1.α- amylase and its function
Alpha-amylase, also known as endoamylase, is a kind of metal hydrolase that needs calcium ions. Calcium ion binds to enzyme protein and shows activity, but EDTA treatment will make its activity lose.
α -amylase can randomly hydrolyze α- 1, 4- glycosidic bonds in starch, but it cannot hydrolyze α- 1, 6- glycosidic bonds. If the substrate is amylose, it will hydrolyze to produce glucose, maltose and maltotriose; If the substrate is amylopectin, the hydrolysate is glucose, maltose, maltotriose and α-dextrin with α- 1, 6- glycosidic bond, with more than 3 glucose residues.

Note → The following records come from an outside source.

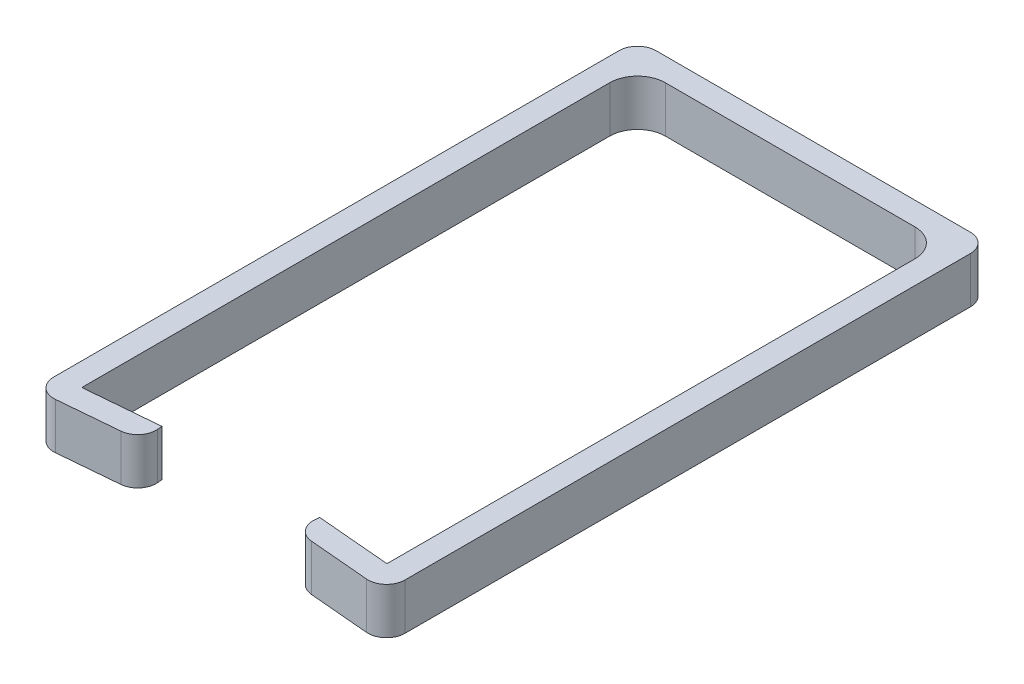
ISO-10303-21;
HEADER;
FILE_DESCRIPTION(('STEP AP214'),'2;1');
FILE_NAME('part.step','',(''),(''),'','','');
FILE_SCHEMA(('AUTOMOTIVE_DESIGN { 1 0 10303 214 1 1 1 1 }'));
ENDSEC;
DATA;
#1=APPLICATION_CONTEXT('core data for automotive mechanical design processes');
#2=APPLICATION_PROTOCOL_DEFINITION('international standard','automotive_design',2000,#1);
#3=PRODUCT_CONTEXT('',#1,'mechanical');
#4=PRODUCT('Part','Part','',(#3));
#5=PRODUCT_RELATED_PRODUCT_CATEGORY('part','',(#4));
#6=PRODUCT_DEFINITION_FORMATION('','',#4);
#7=PRODUCT_DEFINITION_CONTEXT('part definition',#1,'design');
#8=PRODUCT_DEFINITION('design','',#6,#7);
#9=PRODUCT_DEFINITION_SHAPE('','',#8);
#10=(LENGTH_UNIT() NAMED_UNIT(*) SI_UNIT(.MILLI.,.METRE.));
#11=(NAMED_UNIT(*) PLANE_ANGLE_UNIT() SI_UNIT($,.RADIAN.));
#12=(NAMED_UNIT(*) SI_UNIT($,.STERADIAN.) SOLID_ANGLE_UNIT());
#13=UNCERTAINTY_MEASURE_WITH_UNIT(LENGTH_MEASURE(1.E-05),#10,'distance_accuracy_value','');
#14=(GEOMETRIC_REPRESENTATION_CONTEXT(3) GLOBAL_UNCERTAINTY_ASSIGNED_CONTEXT((#13)) GLOBAL_UNIT_ASSIGNED_CONTEXT((#10,
#11,#12)) REPRESENTATION_CONTEXT('',''));
#15=CARTESIAN_POINT('',(0.,0.,0.));
#16=DIRECTION('',(0.,0.,1.));
#17=DIRECTION('',(1.,0.,0.));
#18=AXIS2_PLACEMENT_3D('',#15,#16,#17);
#19=CARTESIAN_POINT('',(0.,5.,0.));
#20=DIRECTION('',(0.087155742747655,0.,0.996194698091746));
#21=DIRECTION('',(0.996194698091746,0.,-0.0871557427476551));
#22=AXIS2_PLACEMENT_3D('',#19,#20,#21);
#23=PLANE('',#22);
#24=DIRECTION('',(-0.996194698091746,0.,0.087155742747655));
#25=VECTOR('',#24,1.);
#26=CARTESIAN_POINT('',(0.,0.,0.));
#27=LINE('',#26,#25);
#28=CARTESIAN_POINT('',(7.96955758473397,0.,-0.69724594198124));
#29=VERTEX_POINT('',#28);
#30=CARTESIAN_POINT('',(0.,0.,0.));
#31=VERTEX_POINT('',#30);
#32=EDGE_CURVE('E204',#29,#31,#27,.T.);
#33=ORIENTED_EDGE('',*,*,#32,.T.);
#34=DIRECTION('',(0.,-1.,0.));
#35=VECTOR('',#34,1.);
#36=CARTESIAN_POINT('',(0.,5.,0.));
#37=LINE('',#36,#35);
#38=CARTESIAN_POINT('',(0.,5.,0.));
#39=VERTEX_POINT('',#38);
#40=EDGE_CURVE('E184',#39,#31,#37,.T.);
#41=ORIENTED_EDGE('',*,*,#40,.F.);
#42=DIRECTION('',(-0.996194698091746,0.,0.087155742747655));
#43=VECTOR('',#42,1.);
#44=CARTESIAN_POINT('',(0.,5.,0.));
#45=LINE('',#44,#43);
#46=CARTESIAN_POINT('',(7.96955758473397,5.,-0.69724594198124));
#47=VERTEX_POINT('',#46);
#48=EDGE_CURVE('E191',#47,#39,#45,.T.);
#49=ORIENTED_EDGE('',*,*,#48,.F.);
#50=DIRECTION('',(0.,-1.,0.));
#51=VECTOR('',#50,1.);
#52=CARTESIAN_POINT('',(7.96955758473397,5.,-0.69724594198124));
#53=LINE('',#52,#51);
#54=EDGE_CURVE('E348',#47,#29,#53,.T.);
#55=ORIENTED_EDGE('',*,*,#54,.T.);
#56=EDGE_LOOP('',(#33,#41,#49,#55));
#57=FACE_BOUND('',#56,.T.);
#58=ADVANCED_FACE('F39',(#57),#23,.F.);
#59=CARTESIAN_POINT('',(0.,5.,0.));
#60=DIRECTION('',(-1.,0.,0.));
#61=DIRECTION('',(0.,0.,1.));
#62=AXIS2_PLACEMENT_3D('',#59,#60,#61);
#63=PLANE('',#62);
#64=DIRECTION('',(0.,0.,-1.));
#65=VECTOR('',#64,1.);
#66=CARTESIAN_POINT('',(0.,0.,0.));
#67=LINE('',#66,#65);
#68=CARTESIAN_POINT('',(0.,0.,-57.1));
#69=VERTEX_POINT('',#68);
#70=EDGE_CURVE('E377',#31,#69,#67,.T.);
#71=ORIENTED_EDGE('',*,*,#70,.T.);
#72=DIRECTION('',(0.,-1.,0.));
#73=VECTOR('',#72,1.);
#74=CARTESIAN_POINT('',(0.,5.,-57.1));
#75=LINE('',#74,#73);
#76=CARTESIAN_POINT('',(0.,5.,-57.1));
#77=VERTEX_POINT('',#76);
#78=EDGE_CURVE('E187',#69,#77,#75,.F.);
#79=ORIENTED_EDGE('',*,*,#78,.T.);
#80=DIRECTION('',(0.,0.,-1.));
#81=VECTOR('',#80,1.);
#82=CARTESIAN_POINT('',(0.,5.,0.));
#83=LINE('',#82,#81);
#84=EDGE_CURVE('E179',#39,#77,#83,.T.);
#85=ORIENTED_EDGE('',*,*,#84,.F.);
#86=ORIENTED_EDGE('',*,*,#40,.T.);
#87=EDGE_LOOP('',(#71,#79,#85,#86));
#88=FACE_BOUND('',#87,.T.);
#89=ADVANCED_FACE('F182',(#88),#63,.F.);
#90=CARTESIAN_POINT('',(0.,5.,-60.1));
#91=DIRECTION('',(0.,0.,-1.));
#92=DIRECTION('',(-1.,0.,0.));
#93=AXIS2_PLACEMENT_3D('',#90,#91,#92);
#94=PLANE('',#93);
#95=DIRECTION('',(1.,0.,0.));
#96=VECTOR('',#95,1.);
#97=CARTESIAN_POINT('',(0.,0.,-60.1));
#98=LINE('',#97,#96);
#99=CARTESIAN_POINT('',(3.,0.,-60.1));
#100=VERTEX_POINT('',#99);
#101=CARTESIAN_POINT('',(30.,0.,-60.1));
#102=VERTEX_POINT('',#101);
#103=EDGE_CURVE('E373',#100,#102,#98,.T.);
#104=ORIENTED_EDGE('',*,*,#103,.T.);
#105=DIRECTION('',(0.,-1.,0.));
#106=VECTOR('',#105,1.);
#107=CARTESIAN_POINT('',(30.,5.,-60.1));
#108=LINE('',#107,#106);
#109=CARTESIAN_POINT('',(30.,5.,-60.1));
#110=VERTEX_POINT('',#109);
#111=EDGE_CURVE('E222',#102,#110,#108,.F.);
#112=ORIENTED_EDGE('',*,*,#111,.T.);
#113=DIRECTION('',(1.,0.,0.));
#114=VECTOR('',#113,1.);
#115=CARTESIAN_POINT('',(0.,5.,-60.1));
#116=LINE('',#115,#114);
#117=CARTESIAN_POINT('',(3.,5.,-60.1));
#118=VERTEX_POINT('',#117);
#119=EDGE_CURVE('E190',#118,#110,#116,.T.);
#120=ORIENTED_EDGE('',*,*,#119,.F.);
#121=DIRECTION('',(0.,-1.,0.));
#122=VECTOR('',#121,1.);
#123=CARTESIAN_POINT('',(3.,0.,-60.1));
#124=LINE('',#123,#122);
#125=EDGE_CURVE('E212',#118,#100,#124,.T.);
#126=ORIENTED_EDGE('',*,*,#125,.T.);
#127=EDGE_LOOP('',(#104,#112,#120,#126));
#128=FACE_BOUND('',#127,.T.);
#129=ADVANCED_FACE('F422',(#128),#94,.F.);
#130=CARTESIAN_POINT('',(33.,5.,-60.1));
#131=DIRECTION('',(1.,0.,0.));
#132=DIRECTION('',(0.,0.,-1.));
#133=AXIS2_PLACEMENT_3D('',#130,#131,#132);
#134=PLANE('',#133);
#135=DIRECTION('',(0.,0.,1.));
#136=VECTOR('',#135,1.);
#137=CARTESIAN_POINT('',(33.,5.,-60.1));
#138=LINE('',#137,#136);
#139=CARTESIAN_POINT('',(33.,5.,-57.1));
#140=VERTEX_POINT('',#139);
#141=CARTESIAN_POINT('',(32.9999999999998,5.,0.));
#142=VERTEX_POINT('',#141);
#143=EDGE_CURVE('E404',#140,#142,#138,.T.);
#144=ORIENTED_EDGE('',*,*,#143,.F.);
#145=DIRECTION('',(0.,-1.,0.));
#146=VECTOR('',#145,1.);
#147=CARTESIAN_POINT('',(33.,0.,-57.1));
#148=LINE('',#147,#146);
#149=CARTESIAN_POINT('',(33.,0.,-57.1));
#150=VERTEX_POINT('',#149);
#151=EDGE_CURVE('E206',#140,#150,#148,.T.);
#152=ORIENTED_EDGE('',*,*,#151,.T.);
#153=DIRECTION('',(0.,0.,1.));
#154=VECTOR('',#153,1.);
#155=CARTESIAN_POINT('',(33.,0.,-60.1));
#156=LINE('',#155,#154);
#157=CARTESIAN_POINT('',(32.9999999999998,0.,0.));
#158=VERTEX_POINT('',#157);
#159=EDGE_CURVE('E368',#150,#158,#156,.T.);
#160=ORIENTED_EDGE('',*,*,#159,.T.);
#161=DIRECTION('',(0.,-1.,0.));
#162=VECTOR('',#161,1.);
#163=CARTESIAN_POINT('',(32.9999999999998,5.,0.));
#164=LINE('',#163,#162);
#165=EDGE_CURVE('E207',#142,#158,#164,.T.);
#166=ORIENTED_EDGE('',*,*,#165,.F.);
#167=EDGE_LOOP('',(#144,#152,#160,#166));
#168=FACE_BOUND('',#167,.T.);
#169=ADVANCED_FACE('F419',(#168),#134,.F.);
#170=CARTESIAN_POINT('',(32.9999999999998,5.,0.));
#171=DIRECTION('',(-0.0871557427476655,0.,0.996194698091745));
#172=DIRECTION('',(0.996194698091745,0.,0.0871557427476655));
#173=AXIS2_PLACEMENT_3D('',#170,#171,#172);
#174=PLANE('',#173);
#175=DIRECTION('',(-0.996194698091745,0.,-0.0871557427476655));
#176=VECTOR('',#175,1.);
#177=CARTESIAN_POINT('',(32.9999999999998,0.,0.));
#178=LINE('',#177,#176);
#179=CARTESIAN_POINT('',(25.0304424152658,0.,-0.697245941981331));
#180=VERTEX_POINT('',#179);
#181=EDGE_CURVE('E365',#158,#180,#178,.T.);
#182=ORIENTED_EDGE('',*,*,#181,.T.);
#183=DIRECTION('',(0.,-1.,0.));
#184=VECTOR('',#183,1.);
#185=CARTESIAN_POINT('',(25.0304424152658,5.,-0.697245941981331));
#186=LINE('',#185,#184);
#187=CARTESIAN_POINT('',(25.0304424152658,5.,-0.697245941981331));
#188=VERTEX_POINT('',#187);
#189=EDGE_CURVE('E215',#188,#180,#186,.T.);
#190=ORIENTED_EDGE('',*,*,#189,.F.);
#191=DIRECTION('',(-0.996194698091745,0.,-0.0871557427476655));
#192=VECTOR('',#191,1.);
#193=CARTESIAN_POINT('',(32.9999999999998,5.,0.));
#194=LINE('',#193,#192);
#195=EDGE_CURVE('E401',#142,#188,#194,.T.);
#196=ORIENTED_EDGE('',*,*,#195,.F.);
#197=ORIENTED_EDGE('',*,*,#165,.T.);
#198=EDGE_LOOP('',(#182,#190,#196,#197));
#199=FACE_BOUND('',#198,.T.);
#200=ADVANCED_FACE('F461',(#199),#174,.F.);
#201=CARTESIAN_POINT('',(25.0304424152658,5.,-0.697245941981331));
#202=DIRECTION('',(0.996194698091745,0.,0.087155742747666));
#203=DIRECTION('',(0.087155742747666,0.,-0.996194698091745));
#204=AXIS2_PLACEMENT_3D('',#201,#202,#203);
#205=PLANE('',#204);
#206=DIRECTION('',(-0.087155742747666,0.,0.996194698091745));
#207=VECTOR('',#206,1.);
#208=CARTESIAN_POINT('',(25.0304424152658,0.,-0.697245941981331));
#209=LINE('',#208,#207);
#210=CARTESIAN_POINT('',(24.986864543892,0.,-0.199148592935459));
#211=VERTEX_POINT('',#210);
#212=EDGE_CURVE('E335',#180,#211,#209,.T.);
#213=ORIENTED_EDGE('',*,*,#212,.T.);
#214=DIRECTION('',(0.,-1.,0.));
#215=VECTOR('',#214,1.);
#216=CARTESIAN_POINT('',(24.986864543892,5.,-0.199148592935459));
#217=LINE('',#216,#215);
#218=CARTESIAN_POINT('',(24.986864543892,5.,-0.199148592935459));
#219=VERTEX_POINT('',#218);
#220=EDGE_CURVE('E299',#211,#219,#217,.F.);
#221=ORIENTED_EDGE('',*,*,#220,.T.);
#222=DIRECTION('',(-0.087155742747666,0.,0.996194698091745));
#223=VECTOR('',#222,1.);
#224=CARTESIAN_POINT('',(25.0304424152658,5.,-0.697245941981331));
#225=LINE('',#224,#223);
#226=EDGE_CURVE('E360',#188,#219,#225,.T.);
#227=ORIENTED_EDGE('',*,*,#226,.F.);
#228=ORIENTED_EDGE('',*,*,#189,.T.);
#229=EDGE_LOOP('',(#213,#221,#227,#228));
#230=FACE_BOUND('',#229,.T.);
#231=ADVANCED_FACE('F357',(#230),#205,.F.);
#232=CARTESIAN_POINT('',(35.4999999999998,5.,2.72827125267319));
#233=DIRECTION('',(0.0871557427476655,0.,-0.996194698091745));
#234=DIRECTION('',(-0.996194698091745,0.,-0.0871557427476655));
#235=AXIS2_PLACEMENT_3D('',#232,#233,#234);
#236=PLANE('',#235);
#237=DIRECTION('',(0.996194698091745,0.,0.0871557427476655));
#238=VECTOR('',#237,1.);
#239=CARTESIAN_POINT('',(35.4999999999998,5.,2.72827125267319));
#240=LINE('',#239,#238);
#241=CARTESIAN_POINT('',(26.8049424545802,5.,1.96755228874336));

In addition, it should be noted that α and β in α -amylase and β -amylase do not represent any conformational relationship, but are just numbered. There are many ways to produce α -amylase in nature, for example, microbial fermentation is the most commonly used method. In addition, this enzyme can also be extracted from plants or animals, and the properties of amylase obtained by different ways are different. Because of the great demand for α -amylase in industrial production, fungi and bacteria are generally used for fermentation. Bacillus subtilis, Bacillus and Streptomyces hygroscopicus can all produce α -amylase
2. β -amylase and its function
β-amylase, also known as exoamylase, is a kind of hydrolase containing sulfhydryl groups. Starting from the non-reducing end of starch, the enzyme hydrolyzes α- 1, 4- glycosidic bond in turn in units of two glucose residues to produce maltose, but it can't hydrolyze α- 1, 6- glycosidic bond, so it can't go beyond the fulcrum and leave a very long dextrin, that is, β-dextrin. Therefore, when β -amylase acts on amylose, almost only maltose is produced; When used in amylopectin, the products are maltose and β -dextrin
3.R- enzyme and its function
R- enzyme, also called debranching enzyme, acts on α- 1, 6- glycosidic bond. Under the action of debranching enzyme, the α- 1, 6- glycosidic bond of α-dextrin and β-dextrin is hydrolyzed and the branched chain is removed. The remaining linear part is hydrolyzed by α -amylase and β -amylase to produce maltose and glucose. However, R- enzyme can not directly hydrolyze α- 1, 6- glycosidic bond in amylopectin.
4. Glycosylated amylase and its function
Saccharifying amylase, glucoamylase, is an enzyme that can hydrolyze starch into glucose, in which the hydrolysis rate can reach 100%, and it is usually used as a saccharifying agent for starch. Glucoamylase has low specificity and is suitable for many substances. It can cleave both α- 1, 4- glycosidic bonds and α- 1, 6- glycosidic bonds from the non-reducing end of starch molecules, but the hydrolysis speed of α- 1, 4- glycosidic bonds is faster. At the same time, it can hydrolyze dextrin, maltose and glycogen. Hydrolysis starts from the end of the substrate molecule and belongs to exonuclease.